Fourth, in terms of political empowerment, the cultural manyattas and the cultural tourism projects have introduced new political structures both within and between the communities. As stated, in most of the cultural manyattas, a management committee was established to manage the projects. Before starting a cultural manyatta, local project initiators have to consult with the leaders of group ranches and also with the local chief. However, the management committees are usually registered separately from existing group ranch committees. As a consequence, this form of arrangement usually introduces a new level of governance in the local community. In addition, the recent establishment (jointly by the African Wildlife Society, the Kenyan Wildlife Society and the Ministry of Culture and Social Services) of the Association for Cultural Centres in Amboseli Ecosystem (ACCA) has a new political implication that will affect local governance.

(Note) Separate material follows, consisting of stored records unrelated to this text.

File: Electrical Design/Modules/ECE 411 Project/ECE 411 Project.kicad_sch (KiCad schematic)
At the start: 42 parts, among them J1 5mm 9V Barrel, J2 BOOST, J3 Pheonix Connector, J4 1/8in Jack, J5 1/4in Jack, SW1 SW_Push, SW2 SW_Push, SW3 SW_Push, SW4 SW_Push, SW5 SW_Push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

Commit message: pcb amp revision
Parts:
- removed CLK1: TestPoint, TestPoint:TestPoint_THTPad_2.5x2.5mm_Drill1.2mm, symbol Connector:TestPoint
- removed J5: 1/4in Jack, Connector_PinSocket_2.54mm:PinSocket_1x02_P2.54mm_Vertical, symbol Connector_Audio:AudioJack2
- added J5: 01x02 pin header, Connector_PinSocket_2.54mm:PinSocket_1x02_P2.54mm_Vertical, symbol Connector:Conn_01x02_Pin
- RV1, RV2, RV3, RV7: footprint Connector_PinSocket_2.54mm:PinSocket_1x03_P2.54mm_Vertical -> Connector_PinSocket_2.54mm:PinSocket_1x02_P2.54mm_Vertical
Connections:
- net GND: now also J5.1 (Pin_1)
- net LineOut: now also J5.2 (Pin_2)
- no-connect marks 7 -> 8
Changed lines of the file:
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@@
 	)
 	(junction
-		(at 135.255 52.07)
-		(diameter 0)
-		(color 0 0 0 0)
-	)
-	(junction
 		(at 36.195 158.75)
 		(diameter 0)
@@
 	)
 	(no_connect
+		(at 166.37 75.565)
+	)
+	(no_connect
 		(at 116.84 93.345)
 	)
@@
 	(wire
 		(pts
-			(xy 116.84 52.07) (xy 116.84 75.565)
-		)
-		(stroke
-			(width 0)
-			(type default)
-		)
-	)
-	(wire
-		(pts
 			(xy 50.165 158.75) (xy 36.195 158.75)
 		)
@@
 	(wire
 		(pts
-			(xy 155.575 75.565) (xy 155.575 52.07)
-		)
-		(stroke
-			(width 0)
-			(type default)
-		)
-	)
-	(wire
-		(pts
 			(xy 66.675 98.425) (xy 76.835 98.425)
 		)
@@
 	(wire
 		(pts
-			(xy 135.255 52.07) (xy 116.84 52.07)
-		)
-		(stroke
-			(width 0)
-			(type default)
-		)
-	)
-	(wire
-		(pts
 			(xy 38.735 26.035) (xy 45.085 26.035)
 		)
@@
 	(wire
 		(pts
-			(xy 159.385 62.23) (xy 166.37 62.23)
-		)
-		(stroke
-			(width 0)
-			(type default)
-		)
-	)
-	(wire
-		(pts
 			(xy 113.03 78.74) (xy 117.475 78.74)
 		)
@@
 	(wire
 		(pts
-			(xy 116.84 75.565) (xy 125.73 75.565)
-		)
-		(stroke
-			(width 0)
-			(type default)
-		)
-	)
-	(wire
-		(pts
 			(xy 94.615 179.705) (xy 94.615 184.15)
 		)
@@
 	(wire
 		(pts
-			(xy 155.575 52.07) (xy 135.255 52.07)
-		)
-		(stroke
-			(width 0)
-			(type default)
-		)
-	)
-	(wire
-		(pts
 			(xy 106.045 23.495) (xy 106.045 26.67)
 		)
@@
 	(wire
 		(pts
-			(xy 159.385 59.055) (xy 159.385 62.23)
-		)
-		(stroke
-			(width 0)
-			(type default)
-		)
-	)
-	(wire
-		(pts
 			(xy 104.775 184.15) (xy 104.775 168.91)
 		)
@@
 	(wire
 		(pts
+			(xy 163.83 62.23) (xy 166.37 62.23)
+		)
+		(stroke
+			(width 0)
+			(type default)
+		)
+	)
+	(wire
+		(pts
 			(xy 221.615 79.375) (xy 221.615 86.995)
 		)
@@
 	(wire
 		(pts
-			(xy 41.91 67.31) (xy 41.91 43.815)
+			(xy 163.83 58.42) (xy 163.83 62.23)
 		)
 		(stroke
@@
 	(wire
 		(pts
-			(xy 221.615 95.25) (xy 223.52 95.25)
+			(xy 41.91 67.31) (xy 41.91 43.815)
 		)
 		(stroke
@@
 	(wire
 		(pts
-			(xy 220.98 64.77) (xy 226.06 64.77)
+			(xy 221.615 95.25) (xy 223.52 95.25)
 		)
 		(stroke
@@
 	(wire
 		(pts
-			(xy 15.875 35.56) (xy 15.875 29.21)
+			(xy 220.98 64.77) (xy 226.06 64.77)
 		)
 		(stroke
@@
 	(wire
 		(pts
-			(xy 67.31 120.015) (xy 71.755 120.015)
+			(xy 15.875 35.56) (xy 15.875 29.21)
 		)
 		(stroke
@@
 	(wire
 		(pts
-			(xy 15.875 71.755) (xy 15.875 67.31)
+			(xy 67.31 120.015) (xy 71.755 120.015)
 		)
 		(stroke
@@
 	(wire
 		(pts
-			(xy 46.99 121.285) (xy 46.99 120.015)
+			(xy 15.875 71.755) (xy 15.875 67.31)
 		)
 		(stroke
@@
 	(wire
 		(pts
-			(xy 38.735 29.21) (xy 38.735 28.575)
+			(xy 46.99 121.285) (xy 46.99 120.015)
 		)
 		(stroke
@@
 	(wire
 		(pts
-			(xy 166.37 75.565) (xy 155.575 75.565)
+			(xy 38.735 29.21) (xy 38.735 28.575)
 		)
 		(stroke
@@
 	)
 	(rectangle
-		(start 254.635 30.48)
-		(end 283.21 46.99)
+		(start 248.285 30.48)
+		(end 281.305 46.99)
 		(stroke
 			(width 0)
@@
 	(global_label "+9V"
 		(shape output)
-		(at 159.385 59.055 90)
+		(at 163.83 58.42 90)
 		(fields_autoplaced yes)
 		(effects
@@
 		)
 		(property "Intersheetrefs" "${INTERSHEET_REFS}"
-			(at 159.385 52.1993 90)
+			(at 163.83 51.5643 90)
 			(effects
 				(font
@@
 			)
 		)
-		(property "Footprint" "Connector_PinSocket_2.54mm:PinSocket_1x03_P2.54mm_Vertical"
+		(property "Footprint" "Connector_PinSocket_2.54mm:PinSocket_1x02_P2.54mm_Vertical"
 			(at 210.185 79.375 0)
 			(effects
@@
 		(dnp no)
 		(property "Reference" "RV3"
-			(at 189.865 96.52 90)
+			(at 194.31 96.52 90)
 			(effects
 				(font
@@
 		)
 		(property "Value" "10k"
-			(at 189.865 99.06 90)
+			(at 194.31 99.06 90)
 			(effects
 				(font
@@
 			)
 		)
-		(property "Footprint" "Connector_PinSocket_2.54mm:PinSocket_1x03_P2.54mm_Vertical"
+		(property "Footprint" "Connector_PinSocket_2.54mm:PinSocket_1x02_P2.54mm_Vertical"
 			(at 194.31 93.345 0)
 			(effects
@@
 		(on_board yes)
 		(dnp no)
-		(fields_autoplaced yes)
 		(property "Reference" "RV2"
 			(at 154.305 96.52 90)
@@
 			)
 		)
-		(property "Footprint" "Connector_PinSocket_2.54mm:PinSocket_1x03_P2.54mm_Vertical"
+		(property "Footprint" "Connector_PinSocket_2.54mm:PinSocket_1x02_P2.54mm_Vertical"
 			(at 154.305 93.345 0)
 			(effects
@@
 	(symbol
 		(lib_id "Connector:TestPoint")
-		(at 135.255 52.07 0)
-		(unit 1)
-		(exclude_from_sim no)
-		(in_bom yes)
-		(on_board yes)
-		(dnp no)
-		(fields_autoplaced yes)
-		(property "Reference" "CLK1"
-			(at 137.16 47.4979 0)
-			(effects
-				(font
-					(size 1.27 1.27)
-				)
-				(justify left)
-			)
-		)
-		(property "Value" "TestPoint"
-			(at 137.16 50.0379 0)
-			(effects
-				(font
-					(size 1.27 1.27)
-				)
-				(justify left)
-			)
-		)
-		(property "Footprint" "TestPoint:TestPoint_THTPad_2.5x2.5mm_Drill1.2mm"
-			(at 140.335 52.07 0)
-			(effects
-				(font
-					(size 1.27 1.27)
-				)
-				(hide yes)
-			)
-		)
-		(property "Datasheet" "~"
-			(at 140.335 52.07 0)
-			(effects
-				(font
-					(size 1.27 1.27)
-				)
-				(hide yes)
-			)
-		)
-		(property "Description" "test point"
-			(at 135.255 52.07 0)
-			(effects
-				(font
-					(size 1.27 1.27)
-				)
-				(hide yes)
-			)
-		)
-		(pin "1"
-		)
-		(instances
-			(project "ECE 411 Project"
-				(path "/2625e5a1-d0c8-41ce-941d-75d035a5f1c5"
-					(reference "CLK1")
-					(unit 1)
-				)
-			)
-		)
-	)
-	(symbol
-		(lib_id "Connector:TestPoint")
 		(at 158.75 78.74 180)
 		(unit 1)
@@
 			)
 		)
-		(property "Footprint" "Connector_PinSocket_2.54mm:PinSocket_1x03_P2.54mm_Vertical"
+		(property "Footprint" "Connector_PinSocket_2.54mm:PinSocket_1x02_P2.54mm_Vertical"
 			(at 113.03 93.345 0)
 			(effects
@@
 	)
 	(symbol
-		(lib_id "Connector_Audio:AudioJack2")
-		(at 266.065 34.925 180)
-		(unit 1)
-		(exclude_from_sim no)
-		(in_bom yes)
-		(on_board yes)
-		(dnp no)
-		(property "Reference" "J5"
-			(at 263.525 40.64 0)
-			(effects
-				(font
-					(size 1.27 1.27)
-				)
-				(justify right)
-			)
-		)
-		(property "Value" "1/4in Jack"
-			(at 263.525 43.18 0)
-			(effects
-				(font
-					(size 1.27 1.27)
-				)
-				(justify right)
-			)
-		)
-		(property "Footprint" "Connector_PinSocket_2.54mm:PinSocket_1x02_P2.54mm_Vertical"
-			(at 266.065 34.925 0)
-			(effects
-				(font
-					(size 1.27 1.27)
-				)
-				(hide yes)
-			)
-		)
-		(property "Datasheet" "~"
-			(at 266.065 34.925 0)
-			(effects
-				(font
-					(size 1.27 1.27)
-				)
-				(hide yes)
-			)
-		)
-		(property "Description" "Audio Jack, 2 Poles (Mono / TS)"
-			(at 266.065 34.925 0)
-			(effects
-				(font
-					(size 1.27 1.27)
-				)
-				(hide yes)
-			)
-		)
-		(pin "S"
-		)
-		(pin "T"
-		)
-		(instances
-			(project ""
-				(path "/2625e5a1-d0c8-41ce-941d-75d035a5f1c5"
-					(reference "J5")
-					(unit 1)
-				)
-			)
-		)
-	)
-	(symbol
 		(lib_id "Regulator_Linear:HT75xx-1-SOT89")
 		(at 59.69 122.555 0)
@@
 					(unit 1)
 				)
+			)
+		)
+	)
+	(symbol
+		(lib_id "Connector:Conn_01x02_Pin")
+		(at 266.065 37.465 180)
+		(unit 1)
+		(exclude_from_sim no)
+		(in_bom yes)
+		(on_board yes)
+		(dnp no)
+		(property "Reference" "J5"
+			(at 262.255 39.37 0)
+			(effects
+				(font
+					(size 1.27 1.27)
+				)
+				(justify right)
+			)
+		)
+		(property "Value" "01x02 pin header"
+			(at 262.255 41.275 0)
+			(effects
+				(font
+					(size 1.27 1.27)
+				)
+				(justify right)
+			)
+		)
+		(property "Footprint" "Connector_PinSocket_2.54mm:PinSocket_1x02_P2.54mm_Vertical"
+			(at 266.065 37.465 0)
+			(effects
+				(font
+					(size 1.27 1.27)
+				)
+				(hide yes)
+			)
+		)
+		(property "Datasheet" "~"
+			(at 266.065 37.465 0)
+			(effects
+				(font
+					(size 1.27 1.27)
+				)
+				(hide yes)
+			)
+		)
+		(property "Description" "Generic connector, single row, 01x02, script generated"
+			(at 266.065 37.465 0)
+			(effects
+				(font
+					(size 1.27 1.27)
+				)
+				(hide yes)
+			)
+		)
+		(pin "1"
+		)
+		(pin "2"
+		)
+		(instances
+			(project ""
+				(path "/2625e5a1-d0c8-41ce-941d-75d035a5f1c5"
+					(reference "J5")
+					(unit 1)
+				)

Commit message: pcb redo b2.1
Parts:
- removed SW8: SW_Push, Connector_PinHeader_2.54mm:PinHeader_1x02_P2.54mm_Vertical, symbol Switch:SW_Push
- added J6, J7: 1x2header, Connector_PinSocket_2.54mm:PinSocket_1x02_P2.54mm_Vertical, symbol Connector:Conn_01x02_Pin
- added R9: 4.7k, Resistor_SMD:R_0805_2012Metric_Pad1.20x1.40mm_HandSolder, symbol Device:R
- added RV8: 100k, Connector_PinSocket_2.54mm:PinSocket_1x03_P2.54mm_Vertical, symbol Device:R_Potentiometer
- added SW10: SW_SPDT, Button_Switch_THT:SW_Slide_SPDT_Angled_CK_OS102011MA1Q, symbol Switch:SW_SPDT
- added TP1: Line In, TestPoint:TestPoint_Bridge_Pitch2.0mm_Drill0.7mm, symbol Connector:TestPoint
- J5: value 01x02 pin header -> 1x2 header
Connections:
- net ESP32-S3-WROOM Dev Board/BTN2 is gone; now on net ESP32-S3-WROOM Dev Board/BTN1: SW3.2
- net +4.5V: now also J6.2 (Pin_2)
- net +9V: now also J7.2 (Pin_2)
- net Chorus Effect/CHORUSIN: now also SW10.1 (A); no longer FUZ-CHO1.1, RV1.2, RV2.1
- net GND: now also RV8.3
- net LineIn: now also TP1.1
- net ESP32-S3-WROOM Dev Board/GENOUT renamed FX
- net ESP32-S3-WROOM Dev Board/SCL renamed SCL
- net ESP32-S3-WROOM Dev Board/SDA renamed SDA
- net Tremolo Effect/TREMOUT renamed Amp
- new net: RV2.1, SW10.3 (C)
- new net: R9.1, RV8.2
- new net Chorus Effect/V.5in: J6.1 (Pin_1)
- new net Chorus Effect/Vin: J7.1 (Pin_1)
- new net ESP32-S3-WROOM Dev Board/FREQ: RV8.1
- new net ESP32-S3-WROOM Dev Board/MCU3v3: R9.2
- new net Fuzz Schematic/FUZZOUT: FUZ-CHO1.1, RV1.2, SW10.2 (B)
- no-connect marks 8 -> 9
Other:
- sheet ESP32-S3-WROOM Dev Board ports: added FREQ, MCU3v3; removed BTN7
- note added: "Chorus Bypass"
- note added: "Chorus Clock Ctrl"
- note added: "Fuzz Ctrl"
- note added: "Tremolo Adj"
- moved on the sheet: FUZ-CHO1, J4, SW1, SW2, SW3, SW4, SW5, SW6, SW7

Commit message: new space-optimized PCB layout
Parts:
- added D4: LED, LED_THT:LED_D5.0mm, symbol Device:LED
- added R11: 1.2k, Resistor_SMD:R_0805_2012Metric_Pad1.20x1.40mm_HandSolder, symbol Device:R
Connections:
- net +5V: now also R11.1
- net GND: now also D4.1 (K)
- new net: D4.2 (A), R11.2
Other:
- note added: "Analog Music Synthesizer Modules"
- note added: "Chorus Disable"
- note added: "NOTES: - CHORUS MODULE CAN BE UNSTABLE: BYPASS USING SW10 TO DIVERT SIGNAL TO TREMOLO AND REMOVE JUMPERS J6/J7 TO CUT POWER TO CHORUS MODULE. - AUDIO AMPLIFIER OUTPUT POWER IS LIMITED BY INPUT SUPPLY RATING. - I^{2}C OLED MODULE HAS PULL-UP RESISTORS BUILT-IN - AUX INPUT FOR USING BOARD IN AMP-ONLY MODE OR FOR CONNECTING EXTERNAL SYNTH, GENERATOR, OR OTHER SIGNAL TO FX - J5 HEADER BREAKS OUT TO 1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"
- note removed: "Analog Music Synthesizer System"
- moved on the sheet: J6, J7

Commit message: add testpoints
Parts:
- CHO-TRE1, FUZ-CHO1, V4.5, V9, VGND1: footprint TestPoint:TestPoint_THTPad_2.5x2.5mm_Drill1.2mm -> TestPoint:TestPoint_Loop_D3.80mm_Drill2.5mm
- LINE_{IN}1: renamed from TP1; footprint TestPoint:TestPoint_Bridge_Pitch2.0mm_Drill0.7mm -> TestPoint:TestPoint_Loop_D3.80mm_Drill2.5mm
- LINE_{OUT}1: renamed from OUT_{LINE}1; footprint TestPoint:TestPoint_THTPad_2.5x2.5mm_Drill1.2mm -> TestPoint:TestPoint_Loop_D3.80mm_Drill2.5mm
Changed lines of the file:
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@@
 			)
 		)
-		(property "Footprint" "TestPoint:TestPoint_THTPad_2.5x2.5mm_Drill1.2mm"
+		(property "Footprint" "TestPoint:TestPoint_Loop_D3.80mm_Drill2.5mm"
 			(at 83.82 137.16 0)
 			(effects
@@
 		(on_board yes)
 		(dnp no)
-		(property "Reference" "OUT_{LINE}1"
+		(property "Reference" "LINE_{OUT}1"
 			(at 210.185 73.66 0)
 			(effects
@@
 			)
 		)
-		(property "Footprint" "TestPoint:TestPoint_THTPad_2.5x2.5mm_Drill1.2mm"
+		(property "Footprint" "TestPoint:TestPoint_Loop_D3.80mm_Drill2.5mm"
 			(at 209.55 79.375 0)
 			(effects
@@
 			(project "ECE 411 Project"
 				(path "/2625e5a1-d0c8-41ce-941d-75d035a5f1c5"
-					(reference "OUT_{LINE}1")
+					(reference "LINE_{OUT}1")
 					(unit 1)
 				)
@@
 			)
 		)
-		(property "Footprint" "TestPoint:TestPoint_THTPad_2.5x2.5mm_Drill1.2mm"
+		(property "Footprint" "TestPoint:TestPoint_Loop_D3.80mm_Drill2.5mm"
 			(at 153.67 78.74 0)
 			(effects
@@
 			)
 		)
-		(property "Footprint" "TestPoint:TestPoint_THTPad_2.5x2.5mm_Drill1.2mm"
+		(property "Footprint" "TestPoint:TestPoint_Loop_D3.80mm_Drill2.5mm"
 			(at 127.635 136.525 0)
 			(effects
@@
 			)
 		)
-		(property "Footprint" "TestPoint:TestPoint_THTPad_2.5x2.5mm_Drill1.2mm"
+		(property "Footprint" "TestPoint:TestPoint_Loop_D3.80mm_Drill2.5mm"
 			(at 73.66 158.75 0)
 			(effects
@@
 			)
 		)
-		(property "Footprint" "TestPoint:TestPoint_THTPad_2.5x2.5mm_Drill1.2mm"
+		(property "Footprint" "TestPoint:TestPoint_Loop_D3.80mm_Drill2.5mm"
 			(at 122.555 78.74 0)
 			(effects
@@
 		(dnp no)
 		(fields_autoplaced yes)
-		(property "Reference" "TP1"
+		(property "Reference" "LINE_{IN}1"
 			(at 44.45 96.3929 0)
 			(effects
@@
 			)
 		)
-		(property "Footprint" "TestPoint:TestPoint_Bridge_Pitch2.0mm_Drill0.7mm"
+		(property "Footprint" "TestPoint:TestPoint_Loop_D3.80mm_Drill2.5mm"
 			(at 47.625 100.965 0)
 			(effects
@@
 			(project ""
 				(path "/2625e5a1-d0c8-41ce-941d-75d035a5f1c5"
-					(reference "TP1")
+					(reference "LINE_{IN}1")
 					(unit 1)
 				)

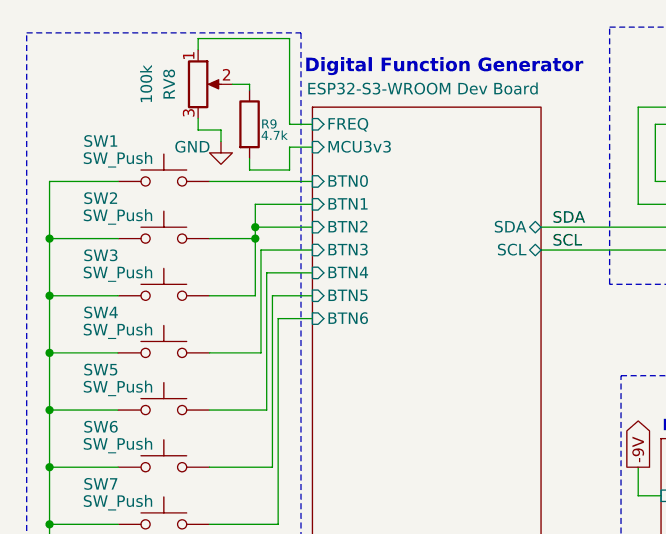
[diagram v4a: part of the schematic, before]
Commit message: update diode footptint, rounding edge cuts, some stitching
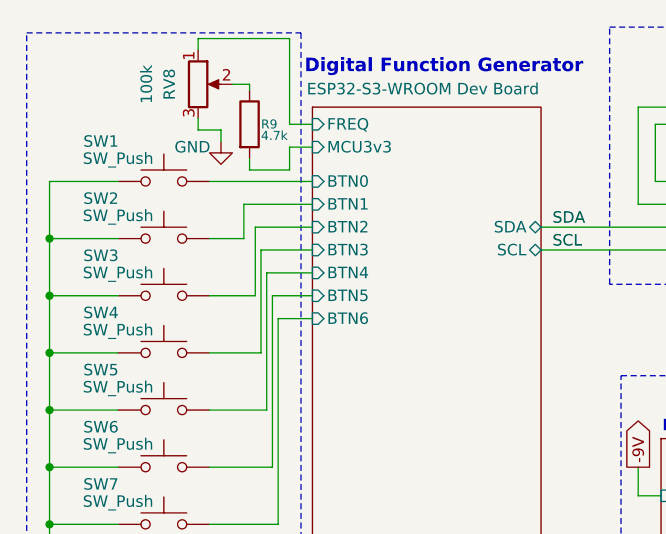
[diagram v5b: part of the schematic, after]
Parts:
- D2: footprint Diode_SMD:D_0805_2012Metric_Pad1.15x1.40mm_HandSolder -> Diode_THT:D_DO-41_SOD81_P10.16mm_Horizontal
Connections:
- net ESP32-S3-WROOM Dev Board/BTN1: no longer SW3.2
- new net ESP32-S3-WROOM Dev Board/BTN2: SW3.2
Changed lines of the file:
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@@
 		(title "SynthBuddy")
 		(date "2024-11-18")
-		(rev "r2.3")
+		(rev "r2.5")
 		(company "Portland State University")
 		(comment 1 "Open Source Hardware")
@@
 	)
 	(junction
-		(at 38.735 36.195)
-		(diameter 0)
-		(color 0 0 0 0)
-	)
-	(junction
 		(at 221.615 86.995)
 		(diameter 0)
@@
 	)
 	(junction
-		(at 38.735 34.925)
-		(diameter 0)
-		(color 0 0 0 0)
-	)
-	(junction
 		(at 132.715 136.525)
 		(diameter 0)
@@
 	(wire
 		(pts
-			(xy 38.735 42.545) (xy 38.735 36.195)
+			(xy 76.2 151.765) (xy 76.2 158.75)
 		)
 		(stroke
@@
 	(wire
 		(pts
-			(xy 76.2 151.765) (xy 76.2 158.75)
+			(xy 148.59 93.345) (xy 150.495 93.345)
 		)
 		(stroke
@@
 	(wire
 		(pts
-			(xy 148.59 93.345) (xy 150.495 93.345)
+			(xy 36.195 122.555) (xy 36.195 130.81)
 		)
 		(stroke
@@
 	(wire
 		(pts
-			(xy 36.195 122.555) (xy 36.195 130.81)
+			(xy 41.275 116.84) (xy 41.275 120.015)
 		)
 		(stroke
@@
 	(wire
 		(pts
-			(xy 41.275 116.84) (xy 41.275 120.015)
+			(xy 81.28 21.59) (xy 81.28 32.385)
 		)
 		(stroke
@@
 	(wire
 		(pts
-			(xy 81.28 21.59) (xy 81.28 32.385)
+			(xy 38.735 34.925) (xy 45.085 34.925)
 		)
 		(stroke
@@
 	(wire
 		(pts
-			(xy 38.735 32.385) (xy 45.085 32.385)
+			(xy 37.465 32.385) (xy 45.085 32.385)
 		)
 		(stroke
@@
 	(wire
 		(pts
-			(xy 38.735 34.925) (xy 45.085 34.925)
-		)
-		(stroke
-			(width 0)
-			(type default)
-		)
-	)
-	(wire
-		(pts
 			(xy 38.1 27.305) (xy 38.1 28.575)
 		)
@@
 	(wire
 		(pts
+			(xy 38.735 42.545) (xy 38.735 34.925)
+		)
+		(stroke
+			(width 0)
+			(type default)
+		)
+	)
+	(wire
+		(pts
 			(xy 46.99 137.16) (xy 50.165 137.16)
 		)
@@
 	(wire
 		(pts
-			(xy 33.655 36.195) (xy 38.735 36.195)
+			(xy 33.655 36.195) (xy 37.465 36.195)
 		)
 		(stroke
@@
 	(wire
 		(pts
-			(xy 38.735 36.195) (xy 38.735 34.925)
+			(xy 37.465 32.385) (xy 37.465 36.195)
 		)
 		(stroke
@@
 	(wire
 		(pts
-			(xy 38.735 34.925) (xy 38.735 32.385)
-		)
-		(stroke
-			(width 0)
-			(type default)
-		)
-	)
-	(wire
-		(pts
 			(xy 81.915 93.345) (xy 81.915 78.74)
 		)
@@
 			)
 		)
-		(property "Footprint" "Diode_SMD:D_0805_2012Metric_Pad1.15x1.40mm_HandSolder"
+		(property "Footprint" "Diode_THT:D_DO-41_SOD81_P10.16mm_Horizontal"
 			(at 50.165 147.955 0)
 			(effects

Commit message: pcb finalization
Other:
- note added: "NOTES: - CHORUS MODULE CAN BE UNSTABLE: BYPASS USING SW10 TO DIVERT SIGNAL TO TREMOLO AND REMOVE JUMPERS J6/J7 TO CUT POWER TO CHORUS MODULE - AUDIO AMPLIFIER OUTPUT POWER IS LIMITED BY INPUT SUPPLY RATING - I^{2}C OLED MODULE HAS PULL-UP RESISTORS BUILT-IN - AUX INPUT FOR USING BOARD IN AMP-ONLY MODE OR FOR CONNECTING EXTERNAL SYNTH, GENERATOR, OR OTHER SIGNAL TO FX - J5 HEADER BREAKS OUT TO 1/4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"
- note removed: "NOTES: - CHORUS MODULE CAN BE UNSTABLE: BYPASS USING SW10 TO DIVERT SIGNAL TO TREMOLO AND REMOVE JUMPERS J6/J7 TO CUT POWER TO CHORUS MODULE. - AUDIO AMPLIFIER OUTPUT POWER IS LIMITED BY INPUT SUPPLY RATING. - I^{2}C OLED MODULE HAS PULL-UP RESISTORS BUILT-IN - AUX INPUT FOR USING BOARD IN AMP-ONLY MODE OR FOR CONNECTING EXTERNAL SYNTH, GENERATOR, OR OTHER SIGNAL TO FX - J5 HEADER BREAKS OUT TO 1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"
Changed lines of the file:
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@@
 		)
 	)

Apart from involvement in marketing and revenue distribution, ACCA also aims at relocating the cultural manyattas that are situated in critical wildlife corridors and dispersal areas. In other words, through ACCA the government and other interest groups are trying to control and reduce the haphazard development of cultural manyattas in areas adjacent to Amboseli National Park.

Similarly, the recent establishment of the Tanzania Cultural Tourism Organization (TACTO) to coordinator the activities of the CTP also has political implications. The main aim of TACTO is to coordinate the various initiatives subsequent to the withdrawal of SNV. However, TACTO has been a source of conflict among the various community projects ever since its establishment.

Although personal and financial disputes were the immediate sources of conflict, in essence the main cause of conflict centres on the issue of ownership of the CTP. In this regard, most of the local people in the various villages do not see TACTO as their organization. A lack of trust and cooperation among stakeholders remains. Successful projects within the CTP do not feel responsible for the less successful ones, and the variety of organizational forms within the 18 projects also impedes cooperative action. As one of the stakeholders observed: ‘TACTO is like a house hit by a storm. And sometimes it is easier to build a new one instead of rebuilding it’ (in:

Verburg, 2004). As the SNV has pulled out and the Tanzanian Tourism Board feels responsible only for the marketing of the projects, the CTP is about to fall apart in various projects; some are very successful, while others are almost out of business.